• **Task to carry out**: All lines of the material that contain "MOBILIARIO" must be copied out.

• **Data supplied**:
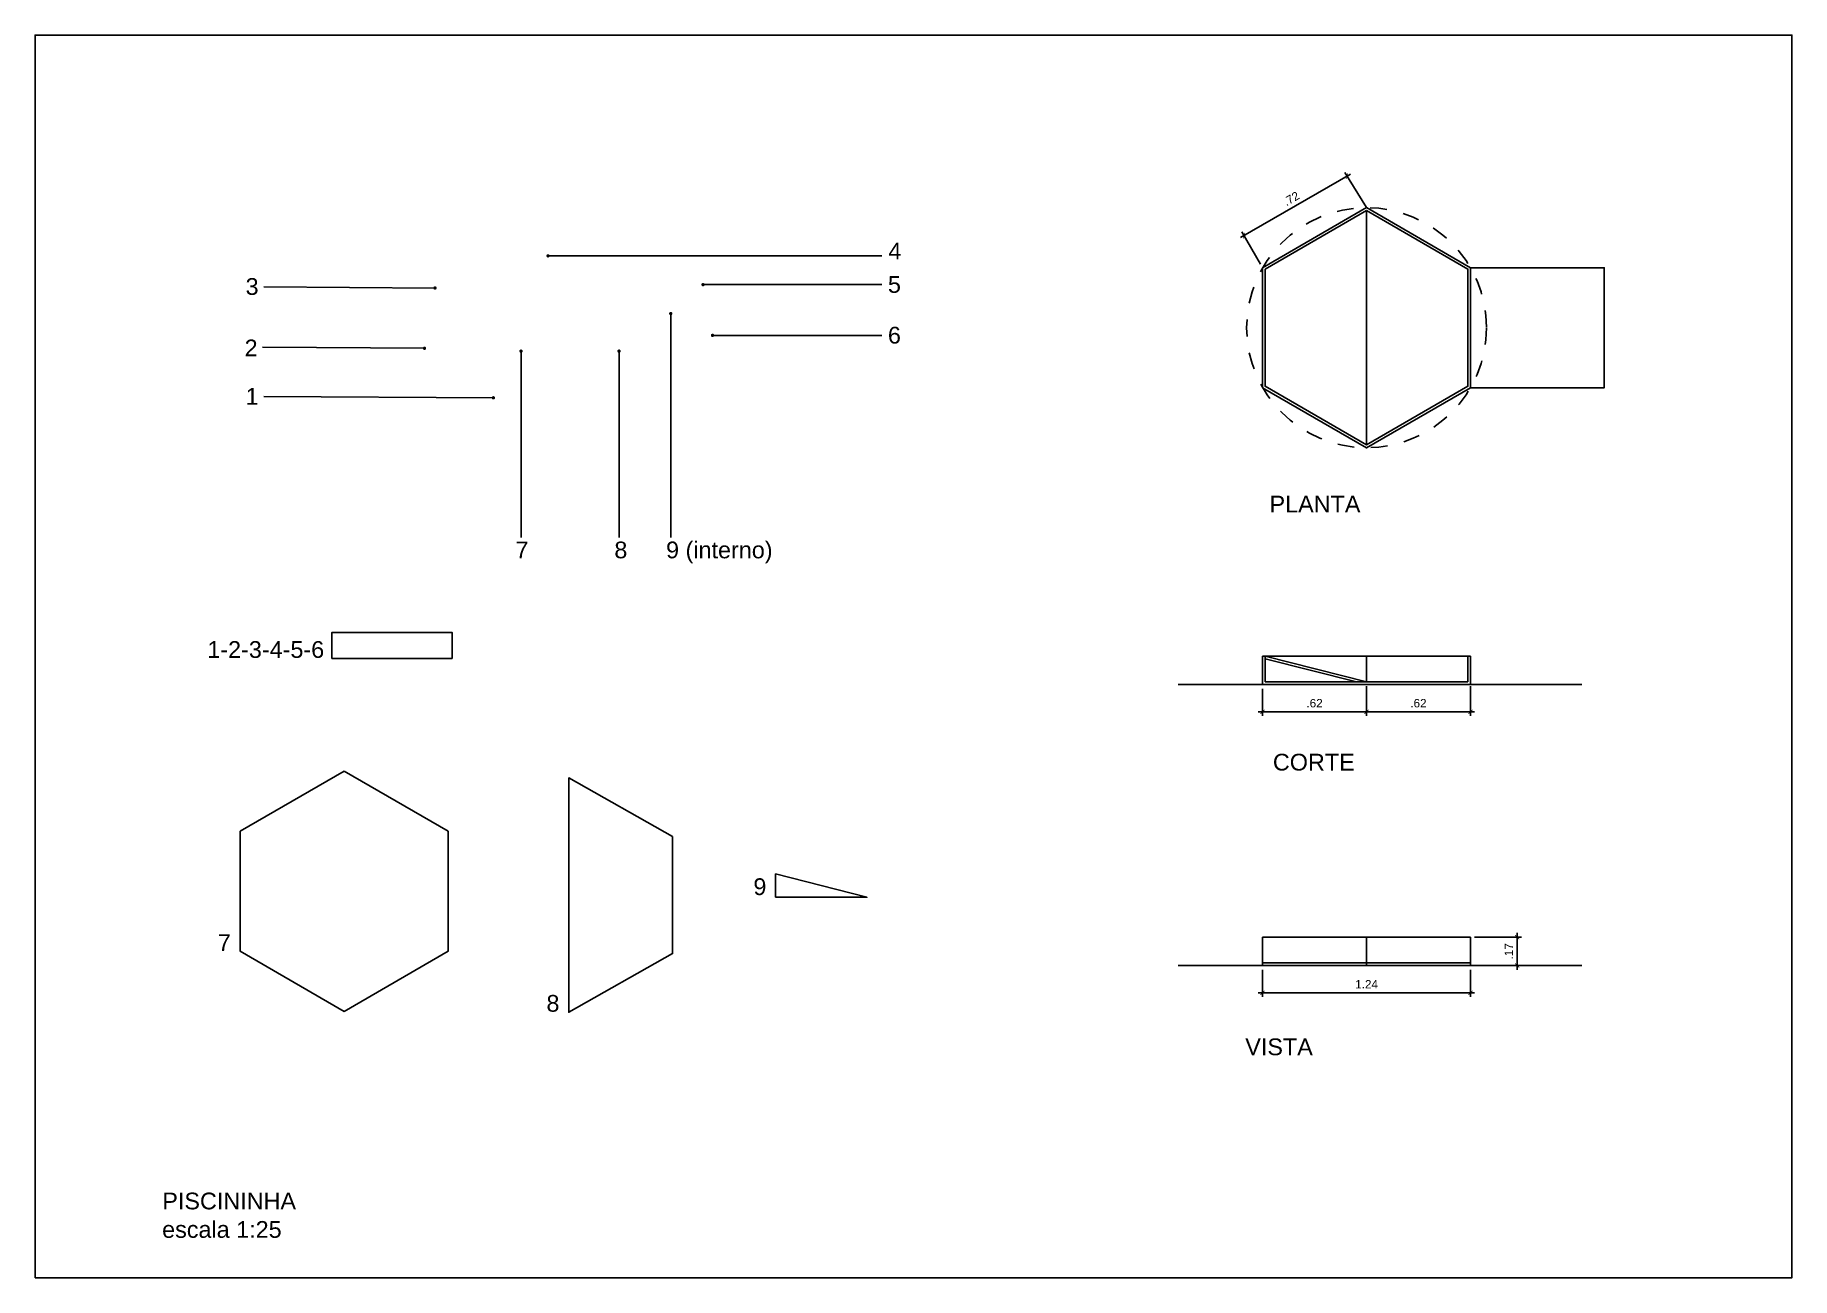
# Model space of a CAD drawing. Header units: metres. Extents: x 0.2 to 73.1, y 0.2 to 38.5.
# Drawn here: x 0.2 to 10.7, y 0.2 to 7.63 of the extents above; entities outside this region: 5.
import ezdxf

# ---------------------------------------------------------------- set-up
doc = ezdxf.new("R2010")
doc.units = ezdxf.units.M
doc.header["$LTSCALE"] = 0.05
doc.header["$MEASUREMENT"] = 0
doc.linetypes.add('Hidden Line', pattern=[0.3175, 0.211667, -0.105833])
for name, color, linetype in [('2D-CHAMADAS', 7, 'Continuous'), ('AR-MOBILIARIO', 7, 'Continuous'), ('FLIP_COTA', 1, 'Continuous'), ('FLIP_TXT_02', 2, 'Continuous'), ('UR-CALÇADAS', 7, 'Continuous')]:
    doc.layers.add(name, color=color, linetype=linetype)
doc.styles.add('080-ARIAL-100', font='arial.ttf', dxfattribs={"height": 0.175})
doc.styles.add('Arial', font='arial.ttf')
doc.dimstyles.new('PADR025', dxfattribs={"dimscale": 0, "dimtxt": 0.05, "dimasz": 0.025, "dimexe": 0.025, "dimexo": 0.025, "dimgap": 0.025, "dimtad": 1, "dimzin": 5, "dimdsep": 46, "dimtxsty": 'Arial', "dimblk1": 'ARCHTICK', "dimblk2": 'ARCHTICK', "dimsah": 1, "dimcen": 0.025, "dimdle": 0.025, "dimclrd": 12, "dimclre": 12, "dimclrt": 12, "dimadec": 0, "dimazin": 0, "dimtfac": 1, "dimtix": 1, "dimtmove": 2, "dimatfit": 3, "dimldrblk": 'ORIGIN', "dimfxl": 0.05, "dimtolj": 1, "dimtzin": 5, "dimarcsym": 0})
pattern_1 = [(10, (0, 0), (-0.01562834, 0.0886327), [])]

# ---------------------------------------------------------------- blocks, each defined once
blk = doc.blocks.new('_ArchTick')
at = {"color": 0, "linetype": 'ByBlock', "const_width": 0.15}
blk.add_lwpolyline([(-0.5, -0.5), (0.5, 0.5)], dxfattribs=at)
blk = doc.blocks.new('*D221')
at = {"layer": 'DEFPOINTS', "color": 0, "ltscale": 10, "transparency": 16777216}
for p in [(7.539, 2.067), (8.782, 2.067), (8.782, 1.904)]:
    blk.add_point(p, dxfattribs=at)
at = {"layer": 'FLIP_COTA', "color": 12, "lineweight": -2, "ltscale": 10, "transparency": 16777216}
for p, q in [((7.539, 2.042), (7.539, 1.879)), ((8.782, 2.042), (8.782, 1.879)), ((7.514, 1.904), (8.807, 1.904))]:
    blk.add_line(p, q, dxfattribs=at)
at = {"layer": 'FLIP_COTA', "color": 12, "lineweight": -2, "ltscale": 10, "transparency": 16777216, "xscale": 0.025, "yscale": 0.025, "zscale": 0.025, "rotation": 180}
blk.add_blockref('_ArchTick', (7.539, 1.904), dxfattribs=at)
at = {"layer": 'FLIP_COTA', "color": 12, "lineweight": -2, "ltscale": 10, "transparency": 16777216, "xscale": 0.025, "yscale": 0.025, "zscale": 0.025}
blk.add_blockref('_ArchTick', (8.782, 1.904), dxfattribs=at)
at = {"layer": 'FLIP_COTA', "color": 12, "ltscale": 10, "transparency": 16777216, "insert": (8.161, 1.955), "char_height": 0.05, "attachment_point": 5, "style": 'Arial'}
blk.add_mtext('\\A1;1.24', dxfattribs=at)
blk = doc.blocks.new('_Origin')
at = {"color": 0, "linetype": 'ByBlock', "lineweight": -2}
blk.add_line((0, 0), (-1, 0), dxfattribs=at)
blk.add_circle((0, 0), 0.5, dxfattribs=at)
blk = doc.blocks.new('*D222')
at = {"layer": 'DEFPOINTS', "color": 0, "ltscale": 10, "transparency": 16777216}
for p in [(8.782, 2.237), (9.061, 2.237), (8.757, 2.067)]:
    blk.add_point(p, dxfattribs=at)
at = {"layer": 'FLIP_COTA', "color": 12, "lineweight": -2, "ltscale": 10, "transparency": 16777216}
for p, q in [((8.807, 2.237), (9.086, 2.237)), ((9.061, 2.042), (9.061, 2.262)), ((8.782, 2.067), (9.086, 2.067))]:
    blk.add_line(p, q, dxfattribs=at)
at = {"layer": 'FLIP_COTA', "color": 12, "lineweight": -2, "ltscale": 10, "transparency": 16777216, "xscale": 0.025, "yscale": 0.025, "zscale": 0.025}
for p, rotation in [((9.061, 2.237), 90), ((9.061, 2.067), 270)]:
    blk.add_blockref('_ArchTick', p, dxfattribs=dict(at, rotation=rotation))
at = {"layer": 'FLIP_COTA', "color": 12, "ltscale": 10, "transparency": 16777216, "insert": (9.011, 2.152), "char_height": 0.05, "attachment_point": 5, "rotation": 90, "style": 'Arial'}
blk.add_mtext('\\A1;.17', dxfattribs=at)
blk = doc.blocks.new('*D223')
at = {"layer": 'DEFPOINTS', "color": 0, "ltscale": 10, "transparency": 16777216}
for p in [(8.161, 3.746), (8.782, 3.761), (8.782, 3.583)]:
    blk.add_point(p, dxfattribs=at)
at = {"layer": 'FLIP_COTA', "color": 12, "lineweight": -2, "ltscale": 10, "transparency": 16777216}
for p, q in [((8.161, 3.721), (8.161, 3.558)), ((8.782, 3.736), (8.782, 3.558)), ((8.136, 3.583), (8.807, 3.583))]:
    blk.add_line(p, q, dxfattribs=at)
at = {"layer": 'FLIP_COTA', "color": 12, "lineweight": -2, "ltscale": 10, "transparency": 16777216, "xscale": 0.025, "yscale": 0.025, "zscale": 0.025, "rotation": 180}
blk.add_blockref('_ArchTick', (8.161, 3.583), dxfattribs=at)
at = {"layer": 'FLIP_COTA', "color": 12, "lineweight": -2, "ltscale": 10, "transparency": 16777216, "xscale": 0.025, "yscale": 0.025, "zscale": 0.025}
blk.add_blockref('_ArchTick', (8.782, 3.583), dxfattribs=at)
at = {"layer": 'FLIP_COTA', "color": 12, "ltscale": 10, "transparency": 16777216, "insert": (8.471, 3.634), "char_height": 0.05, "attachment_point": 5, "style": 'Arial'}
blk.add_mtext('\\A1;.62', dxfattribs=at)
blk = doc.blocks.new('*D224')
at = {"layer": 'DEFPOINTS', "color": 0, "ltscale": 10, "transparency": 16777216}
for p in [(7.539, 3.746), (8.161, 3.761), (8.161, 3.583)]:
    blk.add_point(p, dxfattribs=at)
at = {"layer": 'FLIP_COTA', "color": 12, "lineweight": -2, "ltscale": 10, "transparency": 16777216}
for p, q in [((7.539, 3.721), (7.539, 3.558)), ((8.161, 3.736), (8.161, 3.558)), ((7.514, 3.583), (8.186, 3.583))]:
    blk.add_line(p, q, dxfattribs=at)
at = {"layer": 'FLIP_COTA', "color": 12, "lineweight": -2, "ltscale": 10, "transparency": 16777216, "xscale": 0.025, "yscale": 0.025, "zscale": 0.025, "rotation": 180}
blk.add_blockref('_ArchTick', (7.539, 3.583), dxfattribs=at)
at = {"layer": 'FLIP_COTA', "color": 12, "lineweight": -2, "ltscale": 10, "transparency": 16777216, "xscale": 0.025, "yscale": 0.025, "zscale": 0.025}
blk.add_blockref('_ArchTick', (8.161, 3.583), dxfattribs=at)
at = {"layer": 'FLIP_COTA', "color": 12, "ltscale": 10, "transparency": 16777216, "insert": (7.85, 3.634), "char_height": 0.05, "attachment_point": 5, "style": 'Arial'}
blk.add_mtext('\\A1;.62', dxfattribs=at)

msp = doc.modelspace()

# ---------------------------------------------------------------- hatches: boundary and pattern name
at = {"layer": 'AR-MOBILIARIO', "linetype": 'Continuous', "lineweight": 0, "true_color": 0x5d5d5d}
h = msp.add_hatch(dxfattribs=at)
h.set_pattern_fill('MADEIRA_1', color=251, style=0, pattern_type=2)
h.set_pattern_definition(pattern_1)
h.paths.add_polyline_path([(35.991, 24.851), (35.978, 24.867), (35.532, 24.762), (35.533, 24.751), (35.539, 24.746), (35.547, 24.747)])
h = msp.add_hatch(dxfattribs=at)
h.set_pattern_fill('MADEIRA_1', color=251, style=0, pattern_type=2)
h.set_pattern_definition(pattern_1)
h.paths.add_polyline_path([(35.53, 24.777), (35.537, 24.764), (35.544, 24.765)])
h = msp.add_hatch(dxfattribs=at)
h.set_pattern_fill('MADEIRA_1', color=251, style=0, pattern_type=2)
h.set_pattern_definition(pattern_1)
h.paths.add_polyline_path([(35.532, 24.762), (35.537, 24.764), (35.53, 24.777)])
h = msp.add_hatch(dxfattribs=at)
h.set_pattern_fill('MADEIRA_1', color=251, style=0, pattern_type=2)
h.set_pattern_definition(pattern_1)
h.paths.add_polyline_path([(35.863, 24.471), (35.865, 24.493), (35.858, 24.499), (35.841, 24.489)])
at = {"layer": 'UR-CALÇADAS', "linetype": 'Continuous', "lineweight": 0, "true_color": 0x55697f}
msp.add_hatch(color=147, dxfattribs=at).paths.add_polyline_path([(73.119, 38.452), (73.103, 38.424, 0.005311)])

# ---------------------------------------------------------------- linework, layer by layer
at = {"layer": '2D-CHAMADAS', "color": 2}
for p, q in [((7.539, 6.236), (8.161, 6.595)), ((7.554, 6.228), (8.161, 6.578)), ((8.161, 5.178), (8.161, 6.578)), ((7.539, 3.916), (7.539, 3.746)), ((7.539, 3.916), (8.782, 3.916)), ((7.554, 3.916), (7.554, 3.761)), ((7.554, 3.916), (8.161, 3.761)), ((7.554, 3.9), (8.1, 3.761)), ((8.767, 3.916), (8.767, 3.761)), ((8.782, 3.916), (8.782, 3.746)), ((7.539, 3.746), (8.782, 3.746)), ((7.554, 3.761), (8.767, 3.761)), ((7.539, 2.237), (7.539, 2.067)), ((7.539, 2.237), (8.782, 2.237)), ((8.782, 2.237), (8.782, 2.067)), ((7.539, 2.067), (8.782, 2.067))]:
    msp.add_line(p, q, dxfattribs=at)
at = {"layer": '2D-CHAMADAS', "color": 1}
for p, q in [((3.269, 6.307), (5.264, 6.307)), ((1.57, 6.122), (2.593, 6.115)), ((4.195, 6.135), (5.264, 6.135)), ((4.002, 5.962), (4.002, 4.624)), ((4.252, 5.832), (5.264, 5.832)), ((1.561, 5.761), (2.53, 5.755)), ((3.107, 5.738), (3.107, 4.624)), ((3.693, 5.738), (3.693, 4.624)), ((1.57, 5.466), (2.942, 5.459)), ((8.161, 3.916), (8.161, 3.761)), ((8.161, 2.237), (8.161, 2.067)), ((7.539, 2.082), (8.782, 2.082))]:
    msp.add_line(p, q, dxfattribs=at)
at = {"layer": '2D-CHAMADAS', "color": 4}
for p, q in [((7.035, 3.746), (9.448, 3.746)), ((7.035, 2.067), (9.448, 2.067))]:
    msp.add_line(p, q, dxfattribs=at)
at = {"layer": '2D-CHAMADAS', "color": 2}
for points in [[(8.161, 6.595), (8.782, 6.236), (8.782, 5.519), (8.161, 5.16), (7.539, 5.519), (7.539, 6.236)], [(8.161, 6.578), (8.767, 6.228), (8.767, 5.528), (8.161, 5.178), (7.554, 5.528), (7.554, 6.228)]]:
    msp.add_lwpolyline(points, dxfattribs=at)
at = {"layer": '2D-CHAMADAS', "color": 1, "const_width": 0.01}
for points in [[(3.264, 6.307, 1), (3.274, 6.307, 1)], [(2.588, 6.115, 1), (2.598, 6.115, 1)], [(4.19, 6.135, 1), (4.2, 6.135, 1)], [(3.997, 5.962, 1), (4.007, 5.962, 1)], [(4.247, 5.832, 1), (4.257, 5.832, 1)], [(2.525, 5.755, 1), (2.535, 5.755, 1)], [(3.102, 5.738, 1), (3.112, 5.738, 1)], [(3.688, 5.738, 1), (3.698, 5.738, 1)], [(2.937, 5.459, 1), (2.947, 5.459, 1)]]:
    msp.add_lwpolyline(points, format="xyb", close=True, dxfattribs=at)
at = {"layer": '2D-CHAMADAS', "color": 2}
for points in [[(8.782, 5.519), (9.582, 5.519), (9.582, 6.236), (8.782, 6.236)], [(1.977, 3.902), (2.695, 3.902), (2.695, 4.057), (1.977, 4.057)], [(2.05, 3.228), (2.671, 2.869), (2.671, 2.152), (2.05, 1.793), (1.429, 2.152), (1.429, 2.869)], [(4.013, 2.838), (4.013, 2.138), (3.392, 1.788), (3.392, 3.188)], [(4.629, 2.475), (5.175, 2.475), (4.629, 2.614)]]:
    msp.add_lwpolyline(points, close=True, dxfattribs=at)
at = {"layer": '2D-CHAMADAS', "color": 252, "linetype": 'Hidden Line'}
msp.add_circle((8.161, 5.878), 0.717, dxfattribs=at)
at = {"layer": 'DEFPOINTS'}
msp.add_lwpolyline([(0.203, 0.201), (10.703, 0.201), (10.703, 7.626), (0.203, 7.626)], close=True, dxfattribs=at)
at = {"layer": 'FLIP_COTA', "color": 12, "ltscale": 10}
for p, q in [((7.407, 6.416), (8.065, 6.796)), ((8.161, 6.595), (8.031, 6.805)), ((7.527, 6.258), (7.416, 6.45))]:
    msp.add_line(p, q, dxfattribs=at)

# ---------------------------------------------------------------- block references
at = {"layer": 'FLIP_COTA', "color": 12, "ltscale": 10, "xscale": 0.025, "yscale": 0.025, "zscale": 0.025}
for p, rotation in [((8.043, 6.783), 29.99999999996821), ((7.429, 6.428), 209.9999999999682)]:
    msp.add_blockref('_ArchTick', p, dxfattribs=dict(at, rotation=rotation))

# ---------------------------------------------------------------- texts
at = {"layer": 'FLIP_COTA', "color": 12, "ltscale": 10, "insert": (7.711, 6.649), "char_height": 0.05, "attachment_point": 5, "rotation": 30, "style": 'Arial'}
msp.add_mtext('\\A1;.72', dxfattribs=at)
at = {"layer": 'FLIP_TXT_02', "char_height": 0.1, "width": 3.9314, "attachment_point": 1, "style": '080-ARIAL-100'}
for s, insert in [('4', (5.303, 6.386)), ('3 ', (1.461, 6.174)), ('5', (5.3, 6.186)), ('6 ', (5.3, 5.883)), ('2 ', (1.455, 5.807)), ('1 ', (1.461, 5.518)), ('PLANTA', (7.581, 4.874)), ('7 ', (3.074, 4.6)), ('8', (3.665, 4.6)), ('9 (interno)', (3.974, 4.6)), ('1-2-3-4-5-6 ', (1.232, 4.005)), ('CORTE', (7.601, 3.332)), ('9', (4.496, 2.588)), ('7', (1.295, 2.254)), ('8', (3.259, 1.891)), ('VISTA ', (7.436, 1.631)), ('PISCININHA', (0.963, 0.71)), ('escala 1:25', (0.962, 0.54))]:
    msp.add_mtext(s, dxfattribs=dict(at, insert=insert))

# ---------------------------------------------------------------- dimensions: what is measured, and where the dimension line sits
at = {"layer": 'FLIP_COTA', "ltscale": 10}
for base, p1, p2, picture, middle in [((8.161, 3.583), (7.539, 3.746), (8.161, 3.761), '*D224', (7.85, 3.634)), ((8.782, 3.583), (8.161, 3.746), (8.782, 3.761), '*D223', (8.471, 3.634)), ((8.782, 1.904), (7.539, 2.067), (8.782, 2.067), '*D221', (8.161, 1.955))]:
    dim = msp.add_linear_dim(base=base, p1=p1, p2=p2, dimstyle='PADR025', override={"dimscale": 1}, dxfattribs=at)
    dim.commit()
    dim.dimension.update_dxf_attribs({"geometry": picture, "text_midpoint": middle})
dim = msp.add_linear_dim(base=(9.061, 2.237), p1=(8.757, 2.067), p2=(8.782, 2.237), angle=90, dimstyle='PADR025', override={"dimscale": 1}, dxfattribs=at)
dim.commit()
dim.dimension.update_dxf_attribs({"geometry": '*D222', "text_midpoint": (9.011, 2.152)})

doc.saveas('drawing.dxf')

• **Response**:
for name, color, linetype in [('2D-CHAMADAS', 7, 'Continuous'), ('AR-MOBILIARIO', 7, 'Continuous'), ('FLIP_COTA', 1, 'Continuous'), ('FLIP_TXT_02', 2, 'Continuous'), ('UR-CALÇADAS', 7, 'Continuous')]:
at = {"layer": 'AR-MOBILIARIO', "linetype": 'Continuous', "lineweight": 0, "true_color": 0x5d5d5d}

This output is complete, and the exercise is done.